• _PROBLEM DESCRIPTION_
Within the entries below, the lines from the one with "#129=ORIENTED_EDGE('',*,*,#128,.F.);" through the one with "#145=EDGE_CURVE('E326',#144,#144,#142,.T.);" are to be set down exactly, both ends kept.

• _DATA FOR THIS EXERCISE_
################
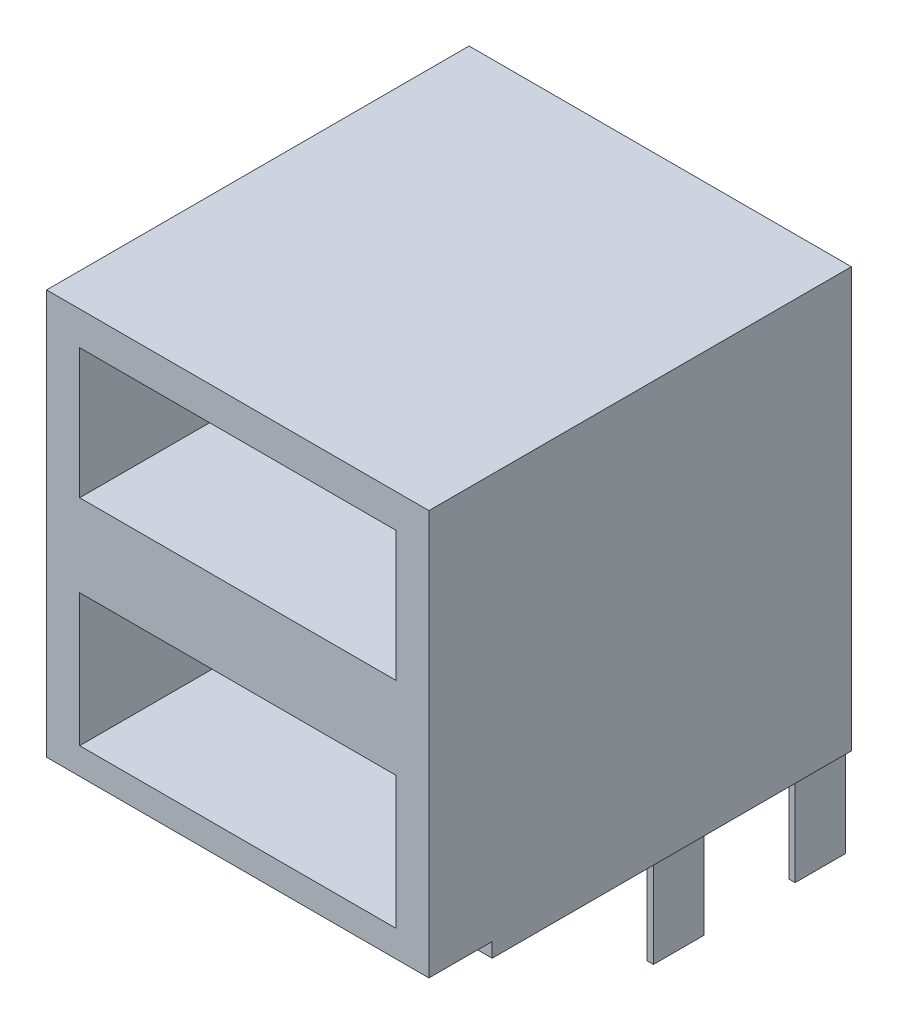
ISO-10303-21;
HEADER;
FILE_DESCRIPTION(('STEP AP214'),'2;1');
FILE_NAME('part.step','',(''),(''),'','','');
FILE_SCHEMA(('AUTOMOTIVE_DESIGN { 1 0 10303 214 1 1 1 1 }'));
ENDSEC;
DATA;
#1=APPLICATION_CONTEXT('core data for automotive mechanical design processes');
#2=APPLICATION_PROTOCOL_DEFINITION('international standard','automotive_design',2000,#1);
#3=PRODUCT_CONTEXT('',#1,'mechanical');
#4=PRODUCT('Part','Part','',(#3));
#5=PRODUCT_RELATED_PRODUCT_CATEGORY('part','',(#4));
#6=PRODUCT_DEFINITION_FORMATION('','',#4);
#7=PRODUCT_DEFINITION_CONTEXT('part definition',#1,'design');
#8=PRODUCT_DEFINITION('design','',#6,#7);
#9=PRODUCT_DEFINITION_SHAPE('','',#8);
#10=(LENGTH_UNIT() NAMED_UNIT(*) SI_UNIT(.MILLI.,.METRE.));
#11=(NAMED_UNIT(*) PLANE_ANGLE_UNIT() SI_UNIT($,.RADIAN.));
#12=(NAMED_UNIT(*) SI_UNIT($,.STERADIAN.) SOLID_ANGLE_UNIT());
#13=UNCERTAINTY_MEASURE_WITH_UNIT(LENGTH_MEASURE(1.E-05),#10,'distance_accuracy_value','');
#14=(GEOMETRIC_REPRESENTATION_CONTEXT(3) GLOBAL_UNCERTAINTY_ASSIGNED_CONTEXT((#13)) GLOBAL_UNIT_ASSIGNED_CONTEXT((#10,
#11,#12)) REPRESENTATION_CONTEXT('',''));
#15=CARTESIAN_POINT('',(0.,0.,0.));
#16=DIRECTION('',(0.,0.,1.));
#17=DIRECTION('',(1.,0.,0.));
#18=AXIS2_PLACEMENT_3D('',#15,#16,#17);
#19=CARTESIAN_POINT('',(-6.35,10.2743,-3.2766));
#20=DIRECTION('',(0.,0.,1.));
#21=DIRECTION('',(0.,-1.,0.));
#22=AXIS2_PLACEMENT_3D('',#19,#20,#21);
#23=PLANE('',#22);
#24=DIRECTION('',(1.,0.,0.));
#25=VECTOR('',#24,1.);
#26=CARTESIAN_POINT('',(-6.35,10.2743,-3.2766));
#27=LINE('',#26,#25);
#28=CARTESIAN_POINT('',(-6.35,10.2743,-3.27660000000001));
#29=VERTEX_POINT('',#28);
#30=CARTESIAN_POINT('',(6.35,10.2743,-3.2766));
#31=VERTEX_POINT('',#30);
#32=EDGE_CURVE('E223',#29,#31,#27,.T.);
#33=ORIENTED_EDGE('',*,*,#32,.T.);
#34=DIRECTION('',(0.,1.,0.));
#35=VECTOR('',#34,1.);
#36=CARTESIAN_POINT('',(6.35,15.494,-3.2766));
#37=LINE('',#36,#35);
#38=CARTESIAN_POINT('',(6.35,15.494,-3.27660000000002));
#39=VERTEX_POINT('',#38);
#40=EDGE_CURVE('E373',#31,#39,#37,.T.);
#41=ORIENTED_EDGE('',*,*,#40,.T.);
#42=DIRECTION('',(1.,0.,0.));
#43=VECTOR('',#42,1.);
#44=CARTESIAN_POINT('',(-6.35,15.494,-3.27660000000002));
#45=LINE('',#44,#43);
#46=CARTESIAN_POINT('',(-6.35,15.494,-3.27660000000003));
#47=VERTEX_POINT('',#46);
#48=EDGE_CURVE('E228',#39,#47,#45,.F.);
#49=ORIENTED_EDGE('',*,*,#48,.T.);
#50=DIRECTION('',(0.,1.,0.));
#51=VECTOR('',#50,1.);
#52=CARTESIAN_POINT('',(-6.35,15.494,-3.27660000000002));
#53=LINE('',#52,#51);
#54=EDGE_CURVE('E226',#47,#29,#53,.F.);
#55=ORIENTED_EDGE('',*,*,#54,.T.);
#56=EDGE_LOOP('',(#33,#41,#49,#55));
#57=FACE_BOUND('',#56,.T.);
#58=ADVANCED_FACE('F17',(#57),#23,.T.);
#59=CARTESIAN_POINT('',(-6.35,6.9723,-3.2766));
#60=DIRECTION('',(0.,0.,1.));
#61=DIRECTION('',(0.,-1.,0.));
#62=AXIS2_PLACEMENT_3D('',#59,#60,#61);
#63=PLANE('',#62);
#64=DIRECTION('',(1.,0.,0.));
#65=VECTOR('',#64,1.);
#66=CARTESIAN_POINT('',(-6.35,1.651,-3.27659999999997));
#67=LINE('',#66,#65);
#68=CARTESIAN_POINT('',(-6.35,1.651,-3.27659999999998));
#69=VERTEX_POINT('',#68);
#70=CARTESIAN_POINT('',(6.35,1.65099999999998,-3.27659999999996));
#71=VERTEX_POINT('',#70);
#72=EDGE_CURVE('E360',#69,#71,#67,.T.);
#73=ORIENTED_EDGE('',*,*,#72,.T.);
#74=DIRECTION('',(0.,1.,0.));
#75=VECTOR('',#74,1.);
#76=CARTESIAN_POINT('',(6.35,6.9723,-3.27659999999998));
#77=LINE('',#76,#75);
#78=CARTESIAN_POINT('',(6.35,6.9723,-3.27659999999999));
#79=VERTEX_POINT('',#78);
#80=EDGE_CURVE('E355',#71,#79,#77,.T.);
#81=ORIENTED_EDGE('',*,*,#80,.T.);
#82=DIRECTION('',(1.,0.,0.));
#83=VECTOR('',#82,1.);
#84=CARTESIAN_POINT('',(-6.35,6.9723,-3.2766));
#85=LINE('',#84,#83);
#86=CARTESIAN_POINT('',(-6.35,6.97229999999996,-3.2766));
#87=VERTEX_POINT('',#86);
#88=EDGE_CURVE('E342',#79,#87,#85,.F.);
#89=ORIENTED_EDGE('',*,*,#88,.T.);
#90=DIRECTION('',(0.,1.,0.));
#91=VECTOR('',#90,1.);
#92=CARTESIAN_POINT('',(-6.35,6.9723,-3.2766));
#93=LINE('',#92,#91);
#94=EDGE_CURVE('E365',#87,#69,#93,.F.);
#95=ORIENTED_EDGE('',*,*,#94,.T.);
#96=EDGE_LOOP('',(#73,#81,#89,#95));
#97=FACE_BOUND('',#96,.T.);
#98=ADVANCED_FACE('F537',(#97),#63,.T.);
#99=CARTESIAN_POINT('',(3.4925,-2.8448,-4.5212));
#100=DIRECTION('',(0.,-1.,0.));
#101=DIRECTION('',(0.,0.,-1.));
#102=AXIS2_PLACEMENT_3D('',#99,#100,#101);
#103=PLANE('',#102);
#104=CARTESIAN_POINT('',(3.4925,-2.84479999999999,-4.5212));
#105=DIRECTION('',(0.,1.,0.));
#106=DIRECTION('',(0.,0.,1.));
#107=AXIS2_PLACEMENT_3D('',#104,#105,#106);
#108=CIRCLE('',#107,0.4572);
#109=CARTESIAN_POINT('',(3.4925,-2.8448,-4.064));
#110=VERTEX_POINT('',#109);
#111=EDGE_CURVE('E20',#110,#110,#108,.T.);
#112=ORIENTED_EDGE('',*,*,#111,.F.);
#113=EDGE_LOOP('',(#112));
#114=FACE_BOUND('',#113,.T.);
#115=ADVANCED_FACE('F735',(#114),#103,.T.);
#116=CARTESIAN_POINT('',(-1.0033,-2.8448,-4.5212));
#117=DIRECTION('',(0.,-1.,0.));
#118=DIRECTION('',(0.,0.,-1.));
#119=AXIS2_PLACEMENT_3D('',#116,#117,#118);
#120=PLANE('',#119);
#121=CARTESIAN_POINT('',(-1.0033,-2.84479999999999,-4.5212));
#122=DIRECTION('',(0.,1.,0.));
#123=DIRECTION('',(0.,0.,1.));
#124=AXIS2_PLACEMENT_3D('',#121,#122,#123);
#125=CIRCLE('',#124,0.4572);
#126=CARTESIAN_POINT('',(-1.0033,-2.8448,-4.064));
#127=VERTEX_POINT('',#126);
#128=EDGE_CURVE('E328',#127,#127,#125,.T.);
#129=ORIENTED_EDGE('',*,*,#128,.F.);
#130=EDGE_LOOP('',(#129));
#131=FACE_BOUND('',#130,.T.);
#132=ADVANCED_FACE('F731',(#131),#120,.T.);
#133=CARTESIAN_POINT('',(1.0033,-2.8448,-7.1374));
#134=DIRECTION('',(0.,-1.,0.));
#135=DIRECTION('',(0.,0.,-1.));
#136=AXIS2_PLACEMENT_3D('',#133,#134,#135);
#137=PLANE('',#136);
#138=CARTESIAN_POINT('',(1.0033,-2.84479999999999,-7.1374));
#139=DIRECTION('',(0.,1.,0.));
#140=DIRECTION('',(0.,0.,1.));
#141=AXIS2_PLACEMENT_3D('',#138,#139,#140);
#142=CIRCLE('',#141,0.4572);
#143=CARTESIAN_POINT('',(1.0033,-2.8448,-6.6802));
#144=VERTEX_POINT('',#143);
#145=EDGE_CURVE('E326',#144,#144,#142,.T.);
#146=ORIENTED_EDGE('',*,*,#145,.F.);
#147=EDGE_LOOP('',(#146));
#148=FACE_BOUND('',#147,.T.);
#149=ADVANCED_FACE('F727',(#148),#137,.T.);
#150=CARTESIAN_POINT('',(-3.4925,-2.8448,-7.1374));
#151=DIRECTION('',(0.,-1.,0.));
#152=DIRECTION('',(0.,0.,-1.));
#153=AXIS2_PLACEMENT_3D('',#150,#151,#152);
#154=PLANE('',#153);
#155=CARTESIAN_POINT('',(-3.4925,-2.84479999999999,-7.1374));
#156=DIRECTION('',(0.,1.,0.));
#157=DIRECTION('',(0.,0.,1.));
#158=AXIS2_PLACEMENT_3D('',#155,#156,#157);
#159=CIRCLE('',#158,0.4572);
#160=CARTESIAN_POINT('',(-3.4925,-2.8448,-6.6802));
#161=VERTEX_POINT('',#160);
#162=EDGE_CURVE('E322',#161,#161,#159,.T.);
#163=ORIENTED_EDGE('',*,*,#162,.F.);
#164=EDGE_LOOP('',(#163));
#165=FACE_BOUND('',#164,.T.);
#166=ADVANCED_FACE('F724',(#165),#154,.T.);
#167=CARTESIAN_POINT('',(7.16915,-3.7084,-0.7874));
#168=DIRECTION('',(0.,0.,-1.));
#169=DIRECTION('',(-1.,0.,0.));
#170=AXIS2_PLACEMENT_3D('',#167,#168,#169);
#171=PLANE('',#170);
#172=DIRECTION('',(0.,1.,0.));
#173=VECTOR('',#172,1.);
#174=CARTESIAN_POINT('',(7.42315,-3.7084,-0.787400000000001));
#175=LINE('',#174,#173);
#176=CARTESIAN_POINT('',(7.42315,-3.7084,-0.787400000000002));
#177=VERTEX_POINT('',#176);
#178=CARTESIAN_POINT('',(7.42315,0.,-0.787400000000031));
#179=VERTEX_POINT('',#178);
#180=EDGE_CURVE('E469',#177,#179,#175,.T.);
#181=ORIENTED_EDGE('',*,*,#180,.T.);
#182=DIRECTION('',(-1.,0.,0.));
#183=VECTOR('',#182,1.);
################
• _PROBLEM SOLUTION_
#129=ORIENTED_EDGE('',*,*,#128,.F.);
#130=EDGE_LOOP('',(#129));
#131=FACE_BOUND('',#130,.T.);
#132=ADVANCED_FACE('F731',(#131),#120,.T.);
#133=CARTESIAN_POINT('',(1.0033,-2.8448,-7.1374));
#134=DIRECTION('',(0.,-1.,0.));
#135=DIRECTION('',(0.,0.,-1.));
#136=AXIS2_PLACEMENT_3D('',#133,#134,#135);
#137=PLANE('',#136);
#138=CARTESIAN_POINT('',(1.0033,-2.84479999999999,-7.1374));
#139=DIRECTION('',(0.,1.,0.));
#140=DIRECTION('',(0.,0.,1.));
#141=AXIS2_PLACEMENT_3D('',#138,#139,#140);
#142=CIRCLE('',#141,0.4572);
#143=CARTESIAN_POINT('',(1.0033,-2.8448,-6.6802));
#144=VERTEX_POINT('',#143);
#145=EDGE_CURVE('E326',#144,#144,#142,.T.);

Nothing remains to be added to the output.